Elles sont une mise en garde, car elles laissent clairement entendre que tout ce que nous accomplissons ici-bas n’a pas forcément valeur d’éternité.

Mais en même temps elles nous donnent aussi des raisons de ne pas désespérer. Saint Paul est clair à ce sujet : Même celui qui perdra son salaire sera tout de même sauvé, « comme à travers le feu ».

Cette parole a donné naissance à la doctrine du purgatoire.

Malheureusement, à ce sujet, la religion populaire a fini par tomber dans des extravagances.

Dans l’imagination de beaucoup, le purgatoire est un lieu où les « âmes » des défunts seraient purifiées par le feu, pendant un temps plus ou moins long, avant de pouvoir accéder au paradis. Et on s’imagine que nos prières et les messes célébrées à leur intention peuvent abréger la durée de leur séjour en ce lieu de souffrance.

Et bien, il faut tordre le cou à notre imagination. Déjà en 1563 le concile de Trente demandait une grande discrétion à ce sujet. Il ordonna : A ce sujet (les évêques) ne laisseront ni exposer ni répandre les idées douteuses ou teintées d’erreur. Quand à celles qui n’éveillent que la curiosité ou la superstition (…) ils les interdiront comme scandaleuses et blessantes pour les fidèles.
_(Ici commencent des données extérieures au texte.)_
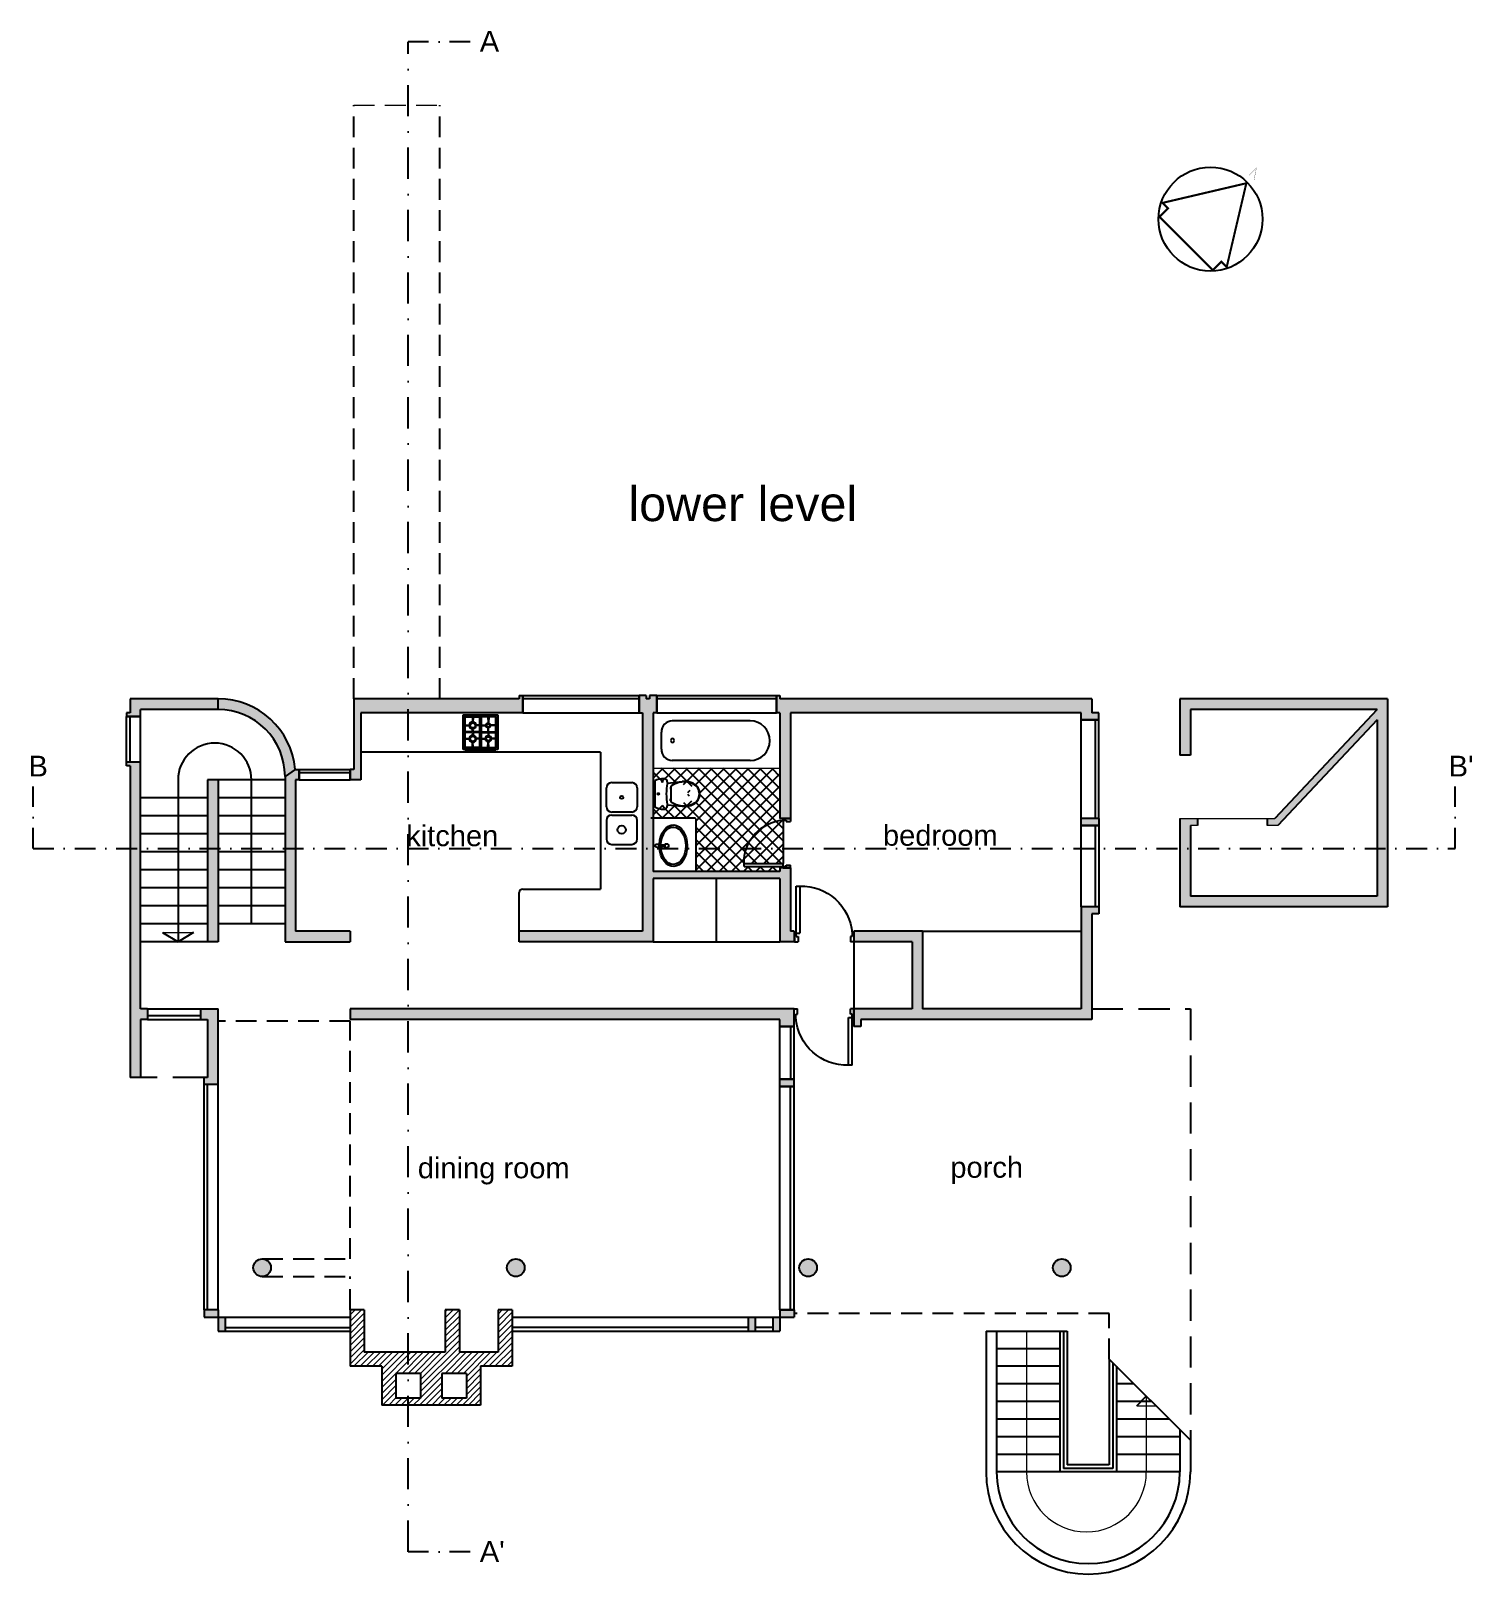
# Model space of a CAD drawing. Header units: millimetres. Extents: x -1430 to 19354, y 420 to 22678.
import ezdxf

# ---------------------------------------------------------------- set-up
doc = ezdxf.new("R2010")
doc.units = ezdxf.units.MM
doc.header["$LTSCALE"] = 30
doc.linetypes.add('ceco.net dash', pattern=[0.75, 0.5, -0.25])
doc.linetypes.add('ceco.net dash-dot', pattern=[1, 0.5, -0.25, 0, -0.25])
for name, color, linetype in [('ceco.net 439 Smith House lower level', 7, 'Continuous'), ('ceco.net Smith House glasses', 151, 'Continuous'), ('ceco.net Smith House hatches', 255, 'Continuous'), ('ceco.net Smith House section lines', 255, 'ceco.net dash-dot'), ('ceco.net Smith House text', 7, 'Continuous')]:
    doc.layers.add(name, color=color, linetype=linetype)
doc.styles.add('ceco.net', font='arial.ttf', dxfattribs={"height": 300})

msp = doc.modelspace()

# ---------------------------------------------------------------- hatches: boundary and pattern name
at = {"layer": 'ceco.net 439 Smith House lower level', "ltscale": 30}
for points in [[(0, 13043), (0, 12840), (-51, 12840), (-51, 12789), (152, 12789), (152, 12891), (1270, 12891), (1270, 13043)], [(1270, 13043), (1270, 12891, -0.414214), (2235, 11926), (2383, 12027, 0.387795)], [(3226, 13043), (3226, 12027), (3175, 12027), (3175, 11875), (3327, 11875), (3327, 12840), (5664, 12840), (5664, 13094), (5613, 13094), (5613, 13043)], [(7391, 9691), (5613, 9691), (5613, 9538), (7544, 9538), (7544, 10453), (9373, 10453), (9373, 9538), (9576, 9538), (9576, 9691), (9525, 9691), (9525, 10605), (9373, 10605), (9373, 10554), (7544, 10554), (7544, 12840), (7595, 12840), (7595, 13094), (7493, 13094), (7493, 13043), (7442, 13043), (7442, 13094), (7341, 13094), (7341, 12840), (7391, 12840)], [(18136, 13043), (15138, 13043), (15138, 12231), (15291, 12231), (15291, 12891), (17983, 12891), (16510, 11316), (16400, 11316), (16400, 11215), (16553, 11215), (17983, 12743), (17983, 10199), (15291, 10199), (15291, 11215), (15393, 11215), (15393, 11316), (15138, 11316), (15138, 10046), (18136, 10046)], [(0, 7582), (152, 7582), (152, 8421), (254, 8421), (254, 8573), (152, 8573), (152, 12129), (-51, 12129), (-51, 12078), (0, 12078)], [(2235, 9538), (3175, 9538), (3175, 9691), (2388, 9691), (2388, 11875), (2438, 11875), (2438, 12027), (2383, 12027), (2235, 11926)], [(1270, 11875), (1118, 11875), (1118, 9538), (1270, 9538)], [(1270, 8573), (1016, 8573), (1016, 8421), (1118, 8421), (1118, 7582), (1067, 7582), (1067, 7481), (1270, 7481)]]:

Alors, le purgatoire, c’est quoi ?

Disons tout d’abord que le « purgatoire » n’est pas un lieu. Dans l’au-delà, l’espace n’existe pas. C’est un état, « un état de purification ».

Et quand on parle de tant et tant d’années de purgatoire, cela ne veut strictement rien dire non plus, car dans l’au-delà, le temps n’existe pas non plus. Passé, présent et futur sont présents tout ensemble...

Quant au feu du purgatoire, c’est une image, et rien d’autre. (S. Paul a parlé comme d’un feu, et non pas d’un feu réel). Cette image du feu désigne la force purifiante de l’amour de Dieu. Quand Dieu nous accueillera dans sa Maison éternelle, son amour sera comme un feu qui assainit, guérit et parachève tout ce qu’il reste d’imparfait en nous au moment de la mort.

Mais tout cela ne doit pas nous inciter, bien sûr, à vivre d’une manière quelconque.

Il serait imprudent de ne pas tenir compte de l’avertissement du Christ quand il nous dit : Restez en tenue de service et gardez vos lampes allumées (Lc 12, 35).

L’Évangile, en de nombreux passages, laisse entendre que l’échec éternel est possible.

Mais cette possibilité se réalise-t-elle en fait et dans quelles proportions ?

Impossible de le savoir.

C’est pourquoi il est sage de ne pas traiter par le mépris l’invitation du Christ à veiller, à tenir nos lampes allumées, à nous tenir prêts pour notre rencontre avec lui au moment où nous franchiront le seuil de la mort et de l’éternité.